Pero en Rhythm ssigue soin distorsionar mucho, solo un poco, no sé si será asi el efecto, que solo distorsiona bien en Trebel... ¿así es?
Algo mas que noté fue que los capacitores deben ser de "film", y yo usé en su mayoría de cerámico, no sé si eso influirá en el sonido, y el cap. de 120pF lo cambié por dos en serie de 220pF, dandome teóricamente 110pF, ¿afectará eso?...


Bueno, cambiando de tema al apantallado, yano toco tanto hard rock ni metal asi que me van a faltar los TubeScreamer, el BluesBreaker, el Electra Distortion, El ZOmbie CHorus, un Reverb, así que todos esos están en proyecto, y acá no venden las cajas Retex, así que me voy a hacer unas de Triplay grueso o madera corrugada, escuché lo de las interferencias y ruidos así que ¿cuál es la idea en sí del apantallado? ¿ir a tierra? ¿tiene que ser de aluminio verdad?... 

Por favor, no piensen que no he leído, solo quiero estar seguro antes de hacer las cosas...
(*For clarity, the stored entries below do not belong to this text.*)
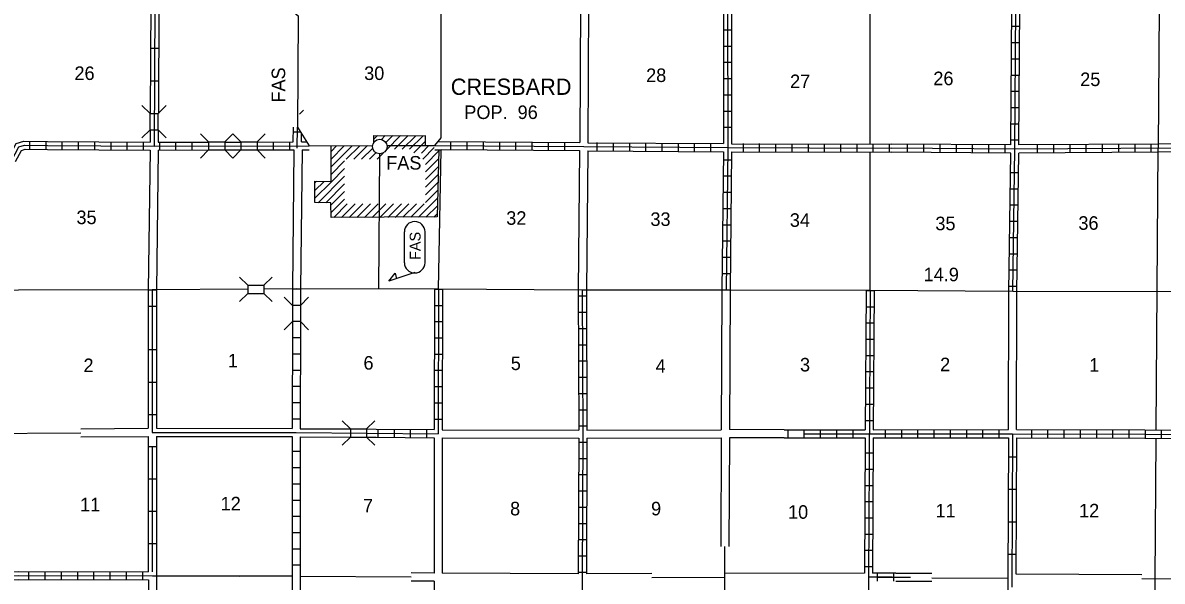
# Model space of a CAD drawing. Extents: x 1341701 to 1901259, y 16166019 to 16658355.
# Drawn here: x 1640567 to 1682653, y 16395138 to 16415768 of the extents above; entities that cross this region are included whole.
import ezdxf

# ---------------------------------------------------------------- set-up
doc = ezdxf.new("R2010")
doc.units = 0
for name, color, linetype in [('L10', 7, 'Continuous'), ('L11', 7, 'Continuous'), ('L13', 7, 'Continuous'), ('L14', 7, 'Continuous'), ('L16', 7, 'Continuous'), ('L18', 7, 'Continuous'), ('L21', 7, 'Continuous'), ('L28', 7, 'Continuous'), ('L3', 7, 'Continuous'), ('L4', 7, 'Continuous'), ('L8', 7, 'Continuous'), ('L9', 7, 'Continuous')]:
    doc.layers.add(name, color=color, linetype=linetype)

msp = doc.modelspace()

# ---------------------------------------------------------------- linework, layer by layer
at = {"layer": 'L10'}
for points in [[(1650583, 16411071), (1650525, 16405938)], [(1650883, 16411071), (1650825, 16405938)], [(1676974, 16400738), (1676982, 16405838)], [(1677274, 16400738), (1677282, 16405838)], [(1645500, 16400788), (1650516, 16400780)], [(1650816, 16400771), (1652658, 16400763)], [(1653258, 16400763), (1653623, 16400759)], [(1645500, 16400488), (1650516, 16400480)], [(1650816, 16400471), (1652658, 16400463)], [(1653258, 16400463), (1653622, 16400459)], [(1645208, 16395188), (1645228, 16390163)], [(1645508, 16395338), (1645528, 16390155)]]:
    msp.add_lwpolyline(points, dxfattribs=at)
at = {"layer": 'L11'}
for p, q in [((1655758, 16400438), (1655758, 16395439)), ((1656058, 16400430), (1656058, 16395437)), ((1655758, 16395139), (1655758, 16393870))]:
    msp.add_line(p, q, dxfattribs=at)
for points in [[(1661216, 16421613), (1661166, 16416505), (1661141, 16411346)], [(1661467, 16416506), (1661441, 16411338)], [(1645267, 16411064), (1645200, 16405905)], [(1645567, 16411064), (1645500, 16405905)], [(1661133, 16411046), (1661083, 16405896)], [(1661433, 16411038), (1661383, 16405896)], [(1666391, 16405896), (1666367, 16400730)], [(1666691, 16405896), (1666666, 16400738)], [(1642714, 16400772), (1645200, 16400788)], [(1656058, 16400730), (1661099, 16400721)], [(1661399, 16400721), (1666367, 16400730)], [(1668687, 16400732), (1666666, 16400738)], [(1642716, 16400472), (1645200, 16400488)], [(1656058, 16400430), (1661099, 16400421)], [(1661399, 16400421), (1666365, 16400430)], [(1666365, 16400430), (1666346, 16396423)], [(1666666, 16400438), (1666646, 16396422)], [(1668685, 16400432), (1666666, 16400438)], [(1655758, 16395439), (1654914, 16395443)], [(1655758, 16395139), (1654914, 16395143)], [(1661083, 16395413), (1656058, 16395437)], [(1663807, 16395419), (1661383, 16395413)], [(1671658, 16395438), (1666499, 16395425)], [(1672811, 16395440), (1674145, 16395435)], [(1672811, 16395140), (1674146, 16395135)], [(1676951, 16395255), (1676916, 16390146)], [(1677251, 16395405), (1681897, 16395384)]]:
    msp.add_lwpolyline(points, dxfattribs=at)
at = {"layer": 'L13'}
for p, q in [((1671866, 16411288), (1671866, 16418733)), ((1655925, 16405932), (1656016, 16411080)), ((1671866, 16405880), (1671866, 16410988)), ((1645500, 16395338), (1648566, 16395330))]:
    msp.add_line(p, q, dxfattribs=at)
for points in [[(1682514, 16411133), (1682590, 16421505)], [(1682432, 16400721), (1682508, 16411133)], [(1634800, 16400571), (1642715, 16400622)], [(1682356, 16389976), (1682432, 16400421)], [(1666508, 16390138), (1666497, 16396422)], [(1650516, 16395321), (1648566, 16395330)], [(1654914, 16395293), (1650816, 16395313)], [(1666499, 16395275), (1663807, 16395269)], [(1674146, 16395266), (1676951, 16395255)], [(1681897, 16395234), (1686782, 16395213)]]:
    msp.add_lwpolyline(points, dxfattribs=at)
at = {"layer": 'L16'}
for p, q in [((1653537, 16411600), (1655433, 16411596)), ((1653538, 16411356), (1653537, 16411600)), ((1655433, 16411600), (1655432, 16411230)), ((1651952, 16409907), (1651954, 16411224)), ((1655938, 16411081), (1655872, 16408595)), ((1651356, 16409127), (1651358, 16409913)), ((1651358, 16409913), (1651952, 16409907)), ((1651943, 16409114), (1651356, 16409127)), ((1651955, 16408574), (1651943, 16409114)), ((1655872, 16408595), (1651955, 16408574))]:
    msp.add_line(p, q, dxfattribs=at)
for points in [[(1650783, 16412388), (1650933, 16412538)], [(1653537, 16411468), (1653670, 16411600)], [(1653811, 16411458), (1653953, 16411600)], [(1653979, 16411342), (1654235, 16411599)], [(1653996, 16411076), (1654518, 16411598)], [(1654302, 16411099), (1654801, 16411598)], [(1654585, 16411098), (1655084, 16411597)], [(1654853, 16411098), (1655358, 16411596)], [(1651953, 16410449), (1652728, 16411225)], [(1651953, 16410733), (1652442, 16411222)], [(1651953, 16411017), (1652156, 16411220)], [(1652513, 16410726), (1653014, 16411227)], [(1652795, 16410725), (1653299, 16411229)], [(1653081, 16410728), (1653490, 16411137)], [(1655015, 16410962), (1655432, 16411379)], [(1655290, 16410954), (1655566, 16411230)], [(1655342, 16410730), (1655766, 16411155)], [(1653367, 16410731), (1653606, 16410969)], [(1653653, 16410733), (1653872, 16410952)], [(1655438, 16410534), (1655938, 16411034)], [(1655438, 16410259), (1655929, 16410751)], [(1651952, 16410166), (1652453, 16410666)], [(1651952, 16409882), (1652452, 16410383)], [(1655438, 16409976), (1655921, 16410460)], [(1651357, 16409571), (1651696, 16409910)], [(1651357, 16409287), (1651952, 16409882)], [(1651358, 16409854), (1651416, 16409912)], [(1651475, 16409122), (1652452, 16410099)], [(1655438, 16409693), (1655914, 16410169)], [(1655438, 16409409), (1655906, 16409878)], [(1651754, 16409118), (1652452, 16409815)], [(1651945, 16409025), (1652451, 16409531)], [(1655438, 16409126), (1655898, 16409587)], [(1651951, 16408756), (1652451, 16409256)], [(1652051, 16408573), (1652554, 16409075)], [(1652334, 16408573), (1652838, 16409076)], [(1652626, 16408572), (1653130, 16409077)], [(1652901, 16408572), (1653415, 16409078)], [(1653189, 16408577), (1653690, 16409079)], [(1653473, 16408578), (1653974, 16409079)], [(1653757, 16408579), (1654258, 16409080)], [(1654050, 16408580), (1654551, 16409081)], [(1654325, 16408580), (1654827, 16409082)], [(1654609, 16408581), (1655111, 16409083)], [(1654894, 16408582), (1655395, 16409083)], [(1655178, 16408583), (1655891, 16409296)], [(1655455, 16408584), (1655883, 16409004)], [(1655746, 16408584), (1655875, 16408714)]]:
    msp.add_lwpolyline(points, dxfattribs=at)
msp.add_circle((1653754, 16411194), 269, dxfattribs=at)
at = {"layer": 'L18'}
for p, q in [((1645267, 16412413), (1644967, 16412713)), ((1645267, 16412413), (1645567, 16412413)), ((1645267, 16411813), (1645267, 16412413)), ((1645567, 16412413), (1645867, 16412713)), ((1645567, 16411813), (1645567, 16412413)), ((1645267, 16411813), (1644967, 16411513)), ((1645267, 16411813), (1645567, 16411813)), ((1645567, 16411813), (1645867, 16411513)), ((1647425, 16411371), (1647125, 16411671)), ((1648025, 16411371), (1648325, 16411671)), ((1648625, 16411371), (1648325, 16411671)), ((1649225, 16411371), (1649525, 16411671)), ((1647425, 16411371), (1647425, 16411071)), ((1647425, 16411371), (1648025, 16411371)), ((1648025, 16411371), (1648025, 16411071)), ((1648625, 16411371), (1648625, 16411071)), ((1648625, 16411371), (1649225, 16411371)), ((1649225, 16411371), (1649225, 16411071)), ((1647425, 16411071), (1647125, 16410771)), ((1647425, 16411071), (1648025, 16411071)), ((1648025, 16411071), (1648325, 16410771)), ((1648625, 16411071), (1648325, 16410771)), ((1648625, 16411071), (1649225, 16411071)), ((1649225, 16411071), (1649525, 16410771)), ((1648875, 16406071), (1648575, 16406371)), ((1648875, 16406071), (1648875, 16405771)), ((1648875, 16406071), (1649475, 16406071)), ((1649475, 16406071), (1649775, 16406371)), ((1649475, 16406071), (1649475, 16405771)), ((1648875, 16405771), (1648575, 16405471)), ((1648875, 16405771), (1649475, 16405771)), ((1649475, 16405771), (1649775, 16405471)), ((1650525, 16405330), (1650225, 16405630)), ((1650825, 16405330), (1650525, 16405330)), ((1650525, 16405330), (1650525, 16404730)), ((1650825, 16405330), (1651125, 16405630)), ((1650825, 16405330), (1650825, 16404730)), ((1650525, 16404730), (1650216, 16404430)), ((1650825, 16404730), (1650525, 16404730)), ((1650825, 16404730), (1651116, 16404430)), ((1652666, 16400763), (1652366, 16401063)), ((1653266, 16400763), (1653566, 16401063)), ((1652666, 16400763), (1652666, 16400463)), ((1652666, 16400763), (1653266, 16400763)), ((1653266, 16400763), (1653266, 16400463)), ((1652666, 16400463), (1652366, 16400163)), ((1652666, 16400463), (1653266, 16400463)), ((1653266, 16400463), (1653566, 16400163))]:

Ah, una cosita más (es la última, si, disculpen la molestia), he hecho una fuente de 1.1v a 30 VCD
y el transformador que compré era de 220 a 24 a 2 Ampers, y el fusible del circuito es de 0.5 Ampers, tengo otros de 2 Ampers, y la duda es: ¿con esta fuente podré alimentar todos los pedales?, ¿los que sean?, ya que si el tranf. es de 2 Ampers, supongo que tiene suficiente caña como para que la corriente se divida entre todos no?...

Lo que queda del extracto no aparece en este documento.